Given entries below:

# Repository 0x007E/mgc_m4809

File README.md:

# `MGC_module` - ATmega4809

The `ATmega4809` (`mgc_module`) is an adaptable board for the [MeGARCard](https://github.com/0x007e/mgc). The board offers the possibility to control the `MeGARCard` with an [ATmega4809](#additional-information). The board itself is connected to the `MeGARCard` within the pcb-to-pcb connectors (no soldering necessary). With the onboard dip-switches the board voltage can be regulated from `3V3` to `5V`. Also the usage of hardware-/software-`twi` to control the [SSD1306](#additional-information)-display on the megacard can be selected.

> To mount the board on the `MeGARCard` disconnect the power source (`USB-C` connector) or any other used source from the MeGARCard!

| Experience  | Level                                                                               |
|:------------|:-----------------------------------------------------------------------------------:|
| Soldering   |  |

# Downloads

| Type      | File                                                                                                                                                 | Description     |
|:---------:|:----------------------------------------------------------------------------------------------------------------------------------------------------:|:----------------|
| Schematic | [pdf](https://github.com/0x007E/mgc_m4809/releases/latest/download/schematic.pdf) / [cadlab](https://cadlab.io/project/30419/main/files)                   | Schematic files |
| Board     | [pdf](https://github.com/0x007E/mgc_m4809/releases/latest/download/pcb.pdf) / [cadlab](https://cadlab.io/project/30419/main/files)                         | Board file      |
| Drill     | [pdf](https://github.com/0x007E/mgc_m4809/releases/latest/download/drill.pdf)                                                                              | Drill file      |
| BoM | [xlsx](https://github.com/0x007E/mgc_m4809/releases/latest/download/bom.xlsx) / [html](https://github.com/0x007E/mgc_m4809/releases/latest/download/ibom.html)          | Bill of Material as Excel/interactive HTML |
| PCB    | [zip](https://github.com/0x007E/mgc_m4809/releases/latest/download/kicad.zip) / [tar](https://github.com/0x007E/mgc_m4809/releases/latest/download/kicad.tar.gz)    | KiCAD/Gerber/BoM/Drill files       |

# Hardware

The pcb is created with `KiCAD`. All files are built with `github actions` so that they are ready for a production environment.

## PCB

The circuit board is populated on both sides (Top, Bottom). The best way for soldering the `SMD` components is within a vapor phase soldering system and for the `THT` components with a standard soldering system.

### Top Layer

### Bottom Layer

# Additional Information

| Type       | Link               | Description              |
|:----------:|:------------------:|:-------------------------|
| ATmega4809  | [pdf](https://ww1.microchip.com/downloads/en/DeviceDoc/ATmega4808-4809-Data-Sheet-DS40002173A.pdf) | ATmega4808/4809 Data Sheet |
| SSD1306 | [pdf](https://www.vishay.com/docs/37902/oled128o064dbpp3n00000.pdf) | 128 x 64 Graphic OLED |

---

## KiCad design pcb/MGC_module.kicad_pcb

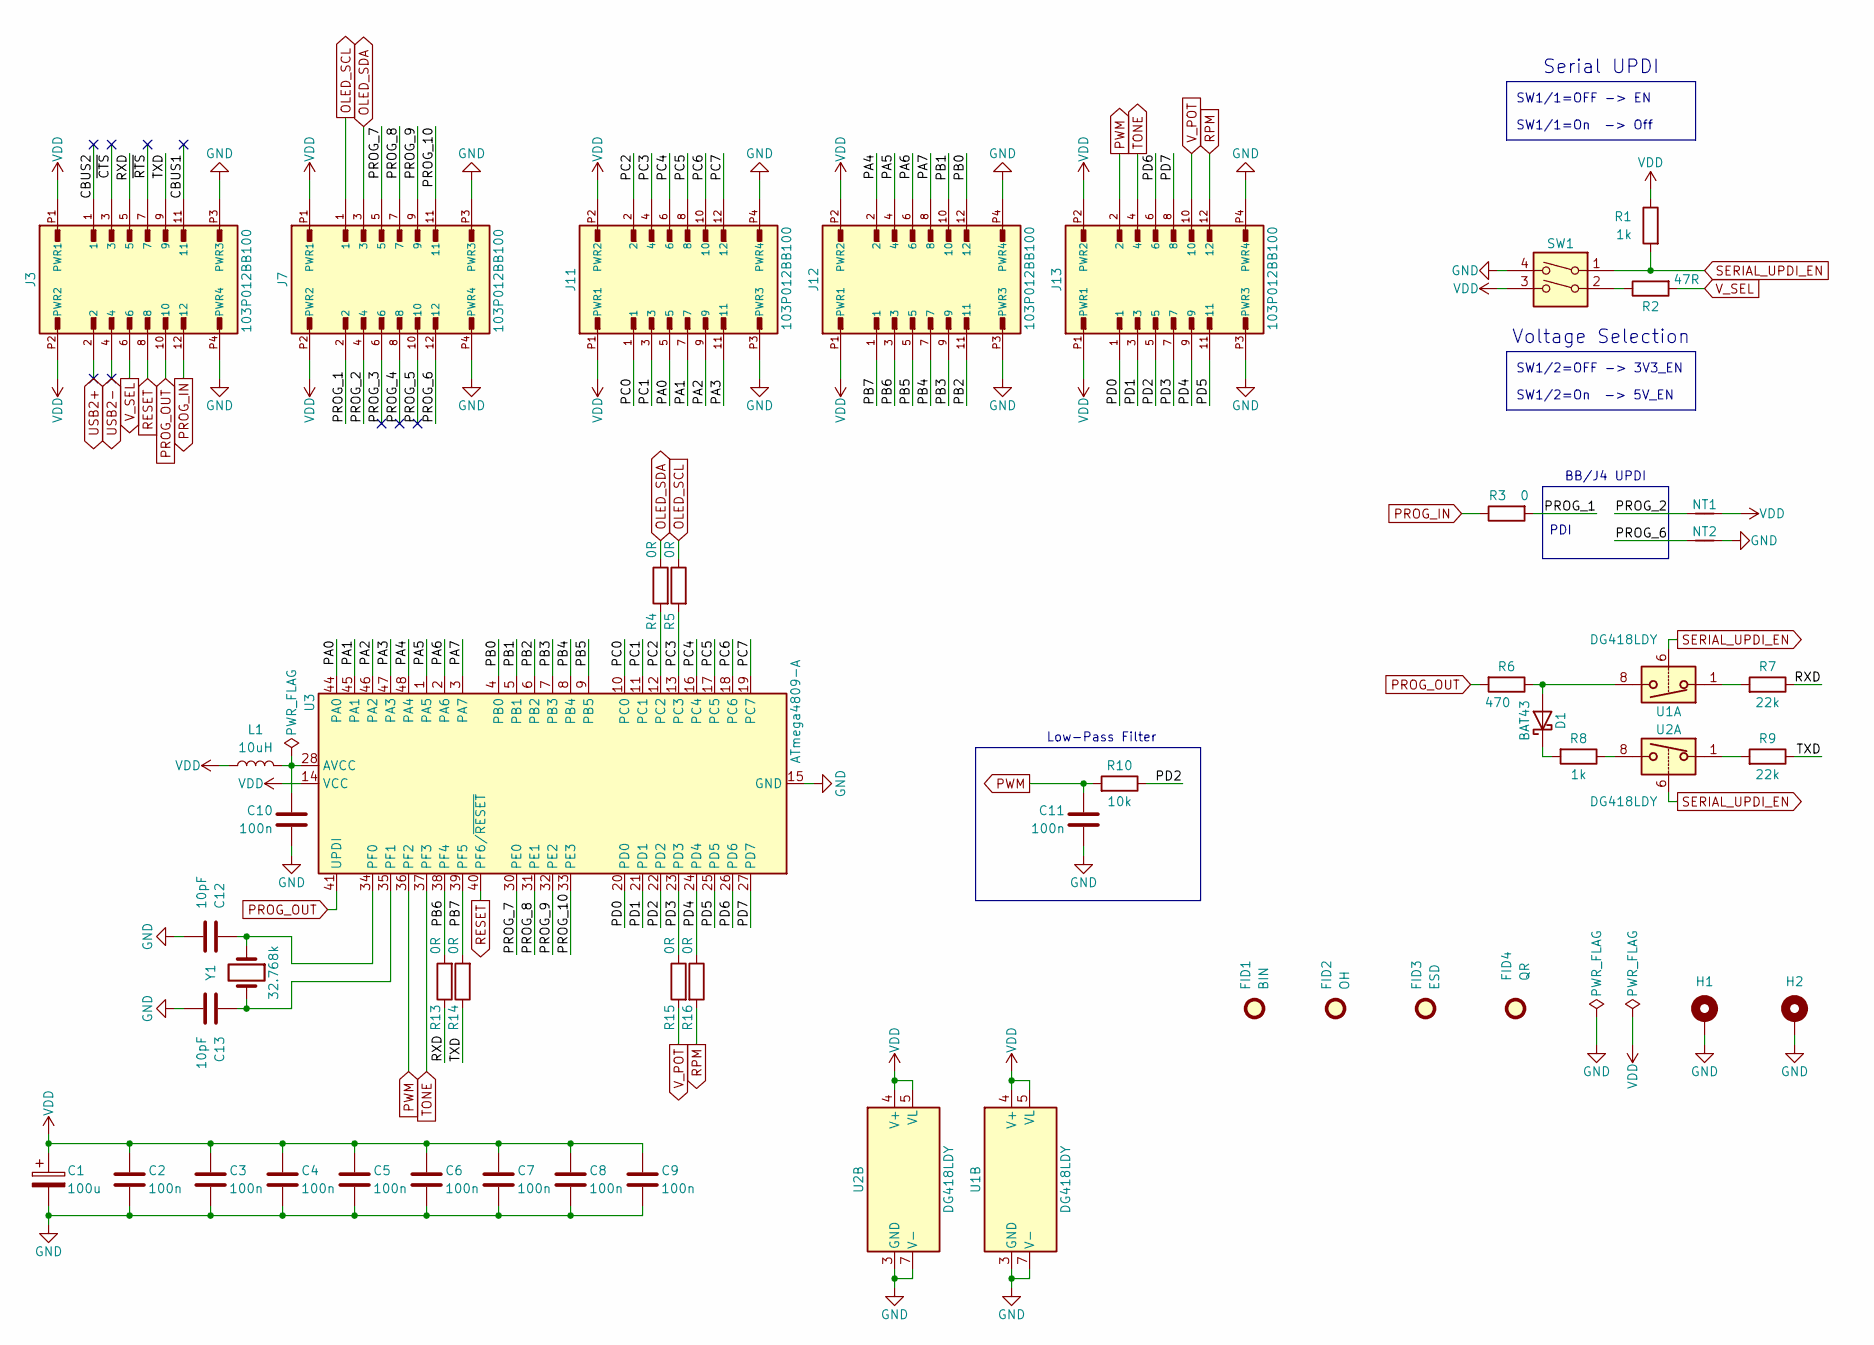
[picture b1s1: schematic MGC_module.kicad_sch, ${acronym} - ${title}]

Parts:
C1: 100u; CP_EIA-3528-21_Kemet-B; DigiKey 478-3877-1-ND
C2, C3, C4, C5, C6, C7, C8, C9, C10, C11: 100n; C_1206_3216Metric
C12, C13: 10pF; C_0603_1608Metric
D1: BAT43; D_MiniMELF
FID1: BIN; WEEE-Logo_4.2x6mm_SilkScreen
FID2: OH; OSHW-Logo2_7.3x6mm_SilkScreen
FID3: ESD; ESD-Logo_6.6x6mm_SilkScreen
FID4: QR; QR_0x007e_very_small
H1, H2: MountingHole_Pad; MountingHole_2.7mm_M2.5_DIN965_Pad
J3, J7, J11, J12, J13: 103P012BB100; AMPHENOL_103P012BB100; DigiKey 609-103P012BB100CT-ND
L1: 10uH; L_1206_3216Metric
NT1, NT2: NetTie_2; NetTie-2_SMD_Pad0.5mm
R1, R8: 1k; R_1206_3216Metric
R2: 47R; R_1206_3216Metric
R3: 0; R_1206_3216Metric
R4, R5, R13, R14, R15, R16: 0R; R_1206_3216Metric
R6: 470; R_1206_3216Metric
R7, R9: 22k; R_1206_3216Metric
R10: 10k; R_1206_3216Metric
SW1: SW_DIP_x02; SW_DIP_SPSTx02_Slide_6.7x6.64mm_W6.73mm_P2.54mm_LowProfile_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
U1, U2: DG418LDY; SOIC-8_3.9x4.9mm_P1.27mm; DigiKey DG417LEDY-T1-GE4CT-ND
U3: ATmega4809-A; TQFP-48_7x7mm_P0.5mm; DigiKey 150-ATMEGA4809-AURCT-ND
Y1: 32.768k; Crystal_SMD_3215-2Pin_3.2x1.5mm

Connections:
/CBUS1: J3.11
/CBUS2: J3.1
/PA0: J11.5, U3.44 (PA0)
/PA1: J11.7, U3.45 (PA1)
/PA2: J11.9, U3.46 (PA2)
/PA3: J11.11, U3.47 (PA3)
/PA4: J12.2, U3.48 (PA4)
/PA5: J12.4, U3.1 (PA5)
/PA6: J12.6, U3.2 (PA6)
/PA7: J12.8, U3.3 (PA7)
/PB0: J12.12, U3.4 (PB0)
/PB1: J12.10, U3.5 (PB1)
/PB2: J12.11, U3.6 (PB2)
/PB3: J12.9, U3.7 (PB3)
/PB4: J12.7, U3.8 (PB4)
/PB5: J12.5, U3.9 (PB5)
/PB6: J12.3, R13.2, U3.38 (PF4)
/PB7: J12.1, R14.2, U3.39 (PF5)
/PC0: J11.1, U3.10 (PC0)
/PC1: J11.3, U3.11 (PC1)
/PC2: J11.2, R4.2, U3.12 (PC2)
/PC3: J11.4, R5.2, U3.13 (PC3)
/PC4: J11.6, U3.16 (PC4)
/PC5: J11.8, U3.17 (PC5)
/PC6: J11.10, U3.18 (PC6)
/PC7: J11.12, U3.19 (PC7)
/PD0: J13.1, U3.20 (PD0)
/PD1: J13.3, U3.21 (PD1)
/PD2: J13.5, R10.1, U3.22 (PD2)
/PD3: J13.7, R15.1, U3.23 (PD3)
/PD4: J13.9, R16.1, U3.24 (PD4)
/PD5: J13.11, U3.25 (PD5)
/PD6: J13.6, U3.26 (PD6)
/PD7: J13.8, U3.27 (PD7)
/PROG_1: J7.2, R3.2
/PROG_2: J7.4, NT1.1
/PROG_3: J7.6
/PROG_4: J7.8
/PROG_5: J7.10
/PROG_6: J7.12, NT2.1
/PROG_7: J7.5, U3.30 (PE0)
/PROG_8: J7.7, U3.31 (PE1)
/PROG_9: J7.9, U3.32 (PE2)
/PROG_10: J7.11, U3.33 (PE3)
/RXD: J3.5, R7.1, R13.1
/TXD: J3.9, R9.1, R14.1
/~CTS: J3.3
/~RTS: J3.7
GND: C1.2, C2.2, C3.2, C4.2, C5.2, C6.2, C7.2, C8.2, C9.2, C10.2, C11.2, C12.2, C13.2, H1.1, H2.1, J3.P3 (PWR3), J3.P4 (PWR4), J7.P3 (PWR3), J7.P4 (PWR4), J11.P3 (PWR3), J11.P4 (PWR4), J12.P3 (PWR3), J12.P4 (PWR4), J13.P3 (PWR3), J13.P4 (PWR4), NT2.2, SW1.4, U1.3 (GND), U1.7 (V-), U2.3 (GND), U2.7 (V-), U3.15 (GND), U3.29 (GND), U3.43 (GND)
unnamed: D1.2 (A), R6.1, U1.8
unnamed: D1.1 (K), R8.2
unnamed: R2.1, SW1.2
unnamed: R7.2, U1.1
unnamed: R8.1, U2.8
unnamed: R9.2, U2.1
unnamed: C10.1, L1.2, U3.28 (AVCC)
unnamed: C12.1, U3.34 (PF0), Y1.1
unnamed: C13.1, U3.35 (PF1), Y1.2
OLED_SCL: J7.1, R5.1
OLED_SDA: J7.3, R4.1
PROG_IN: J3.12, R3.1
PROG_OUT: J3.10, R6.2, U3.41 (UPDI)
PWM: C11.1, J13.2, R10.2, U3.36 (PF2)
RESET: J3.8, U3.40 (PF6/~RESET)
RPM: J13.12, R16.2
SERIAL_UPDI_EN: R1.2, SW1.1, U1.6, U2.6
TONE: J13.4, U3.37 (PF3)
USB2+: J3.2
USB2-: J3.4
VDD: C1.1, C2.1, C3.1, C4.1, C5.1, C6.1, C7.1, C8.1, C9.1, J3.P1 (PWR1), J3.P2 (PWR2), J7.P1 (PWR1), J7.P2 (PWR2), J11.P1 (PWR1), J11.P2 (PWR2), J12.P1 (PWR1), J12.P2 (PWR2), J13.P1 (PWR1), J13.P2 (PWR2), L1.1, NT1.2, R1.1, SW1.3, U1.4 (V+), U1.5 (VL), U2.4 (V+), U2.5 (VL), U3.14 (VCC), U3.42 (VCC)
V_POT: J13.10, R15.2
V_SEL: J3.6, R2.2

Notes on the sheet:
SW1/2=OFF -> 3V3_EN
SW1/1=OFF -> EN
SW1/2=On -> 5V_EN
SW1/1=On -> Off
Low-Pass Filter
Voltage Selection
PDI
BB/J4 UPDI
Serial UPDI

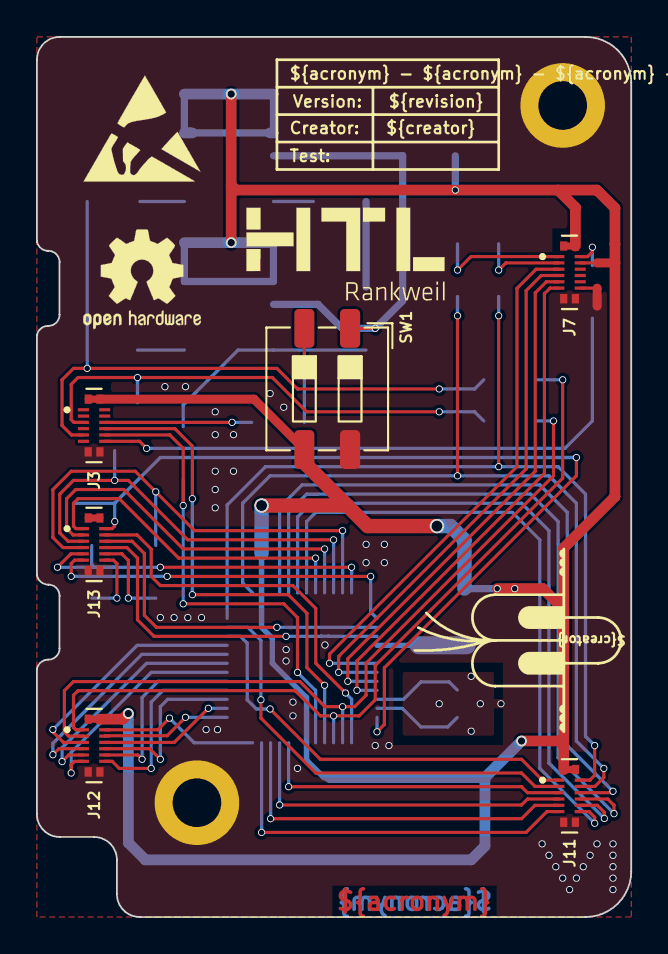
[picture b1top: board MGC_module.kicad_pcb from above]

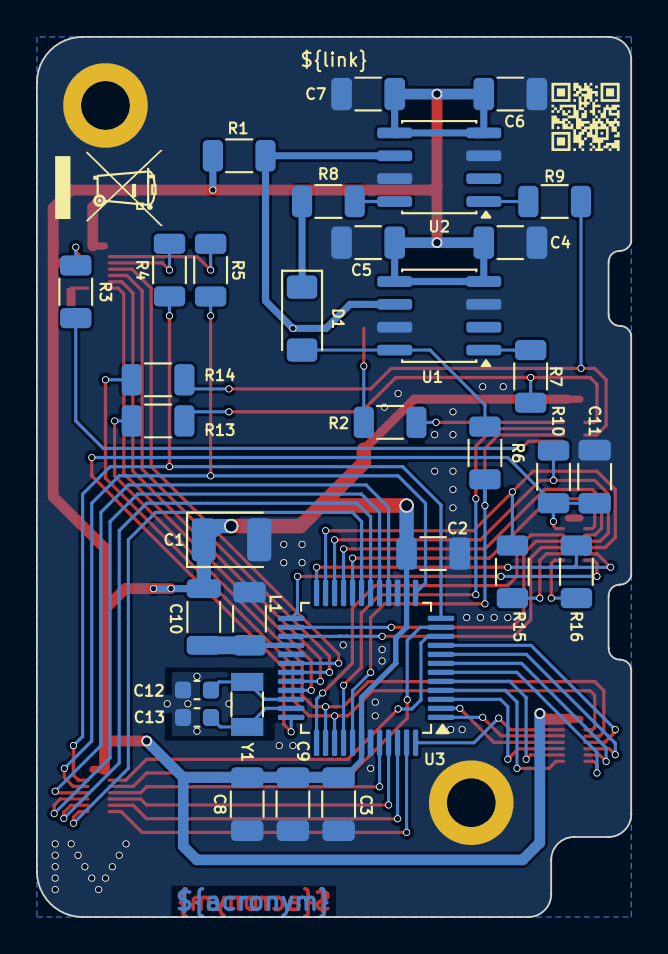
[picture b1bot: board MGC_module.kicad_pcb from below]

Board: 2 copper layers, 33.0 x 48.9 mm, 47 parts (35 on the bottom side), 63 nets.

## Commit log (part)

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2026-06-12 Add pcb layout
2026-06-12 Decrease font size of cu acronym
2026-06-18 Fix unconnected labels
2026-06-18 Add README.md
2026-06-18 Add build pipeline
2026-06-18 Add release pipeline
2026-06-23 Adapt output filenames
2026-06-23 Add missing values in bom
2026-06-23 Adapt config and update action versions

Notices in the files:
README.md:
License CC By-NC-SA
parts and their libraries:
license: CC BY-NC-SA 4.0

End of Given entries.

Of the entries above, repeat exactly the lines between the line with "J12.9, U3.7 (PB3)" and the line with "unnamed: R7.2, U1.1", inclusive, and no others.

_Result of the exercise_
/PB3: J12.9, U3.7 (PB3)
/PB4: J12.7, U3.8 (PB4)
/PB5: J12.5, U3.9 (PB5)
/PB6: J12.3, R13.2, U3.38 (PF4)
/PB7: J12.1, R14.2, U3.39 (PF5)
/PC0: J11.1, U3.10 (PC0)
/PC1: J11.3, U3.11 (PC1)
/PC2: J11.2, R4.2, U3.12 (PC2)
/PC3: J11.4, R5.2, U3.13 (PC3)
/PC4: J11.6, U3.16 (PC4)
/PC5: J11.8, U3.17 (PC5)
/PC6: J11.10, U3.18 (PC6)
/PC7: J11.12, U3.19 (PC7)
/PD0: J13.1, U3.20 (PD0)
/PD1: J13.3, U3.21 (PD1)
/PD2: J13.5, R10.1, U3.22 (PD2)
/PD3: J13.7, R15.1, U3.23 (PD3)
/PD4: J13.9, R16.1, U3.24 (PD4)
/PD5: J13.11, U3.25 (PD5)
/PD6: J13.6, U3.26 (PD6)
/PD7: J13.8, U3.27 (PD7)
/PROG_1: J7.2, R3.2
/PROG_2: J7.4, NT1.1
/PROG_3: J7.6
/PROG_4: J7.8
/PROG_5: J7.10
/PROG_6: J7.12, NT2.1
/PROG_7: J7.5, U3.30 (PE0)
/PROG_8: J7.7, U3.31 (PE1)
/PROG_9: J7.9, U3.32 (PE2)
/PROG_10: J7.11, U3.33 (PE3)
/RXD: J3.5, R7.1, R13.1
/TXD: J3.9, R9.1, R14.1
/~CTS: J3.3
/~RTS: J3.7
GND: C1.2, C2.2, C3.2, C4.2, C5.2, C6.2, C7.2, C8.2, C9.2, C10.2, C11.2, C12.2, C13.2, H1.1, H2.1, J3.P3 (PWR3), J3.P4 (PWR4), J7.P3 (PWR3), J7.P4 (PWR4), J11.P3 (PWR3), J11.P4 (PWR4), J12.P3 (PWR3), J12.P4 (PWR4), J13.P3 (PWR3), J13.P4 (PWR4), NT2.2, SW1.4, U1.3 (GND), U1.7 (V-), U2.3 (GND), U2.7 (V-), U3.15 (GND), U3.29 (GND), U3.43 (GND)
unnamed: D1.2 (A), R6.1, U1.8
unnamed: D1.1 (K), R8.2
unnamed: R2.1, SW1.2
unnamed: R7.2, U1.1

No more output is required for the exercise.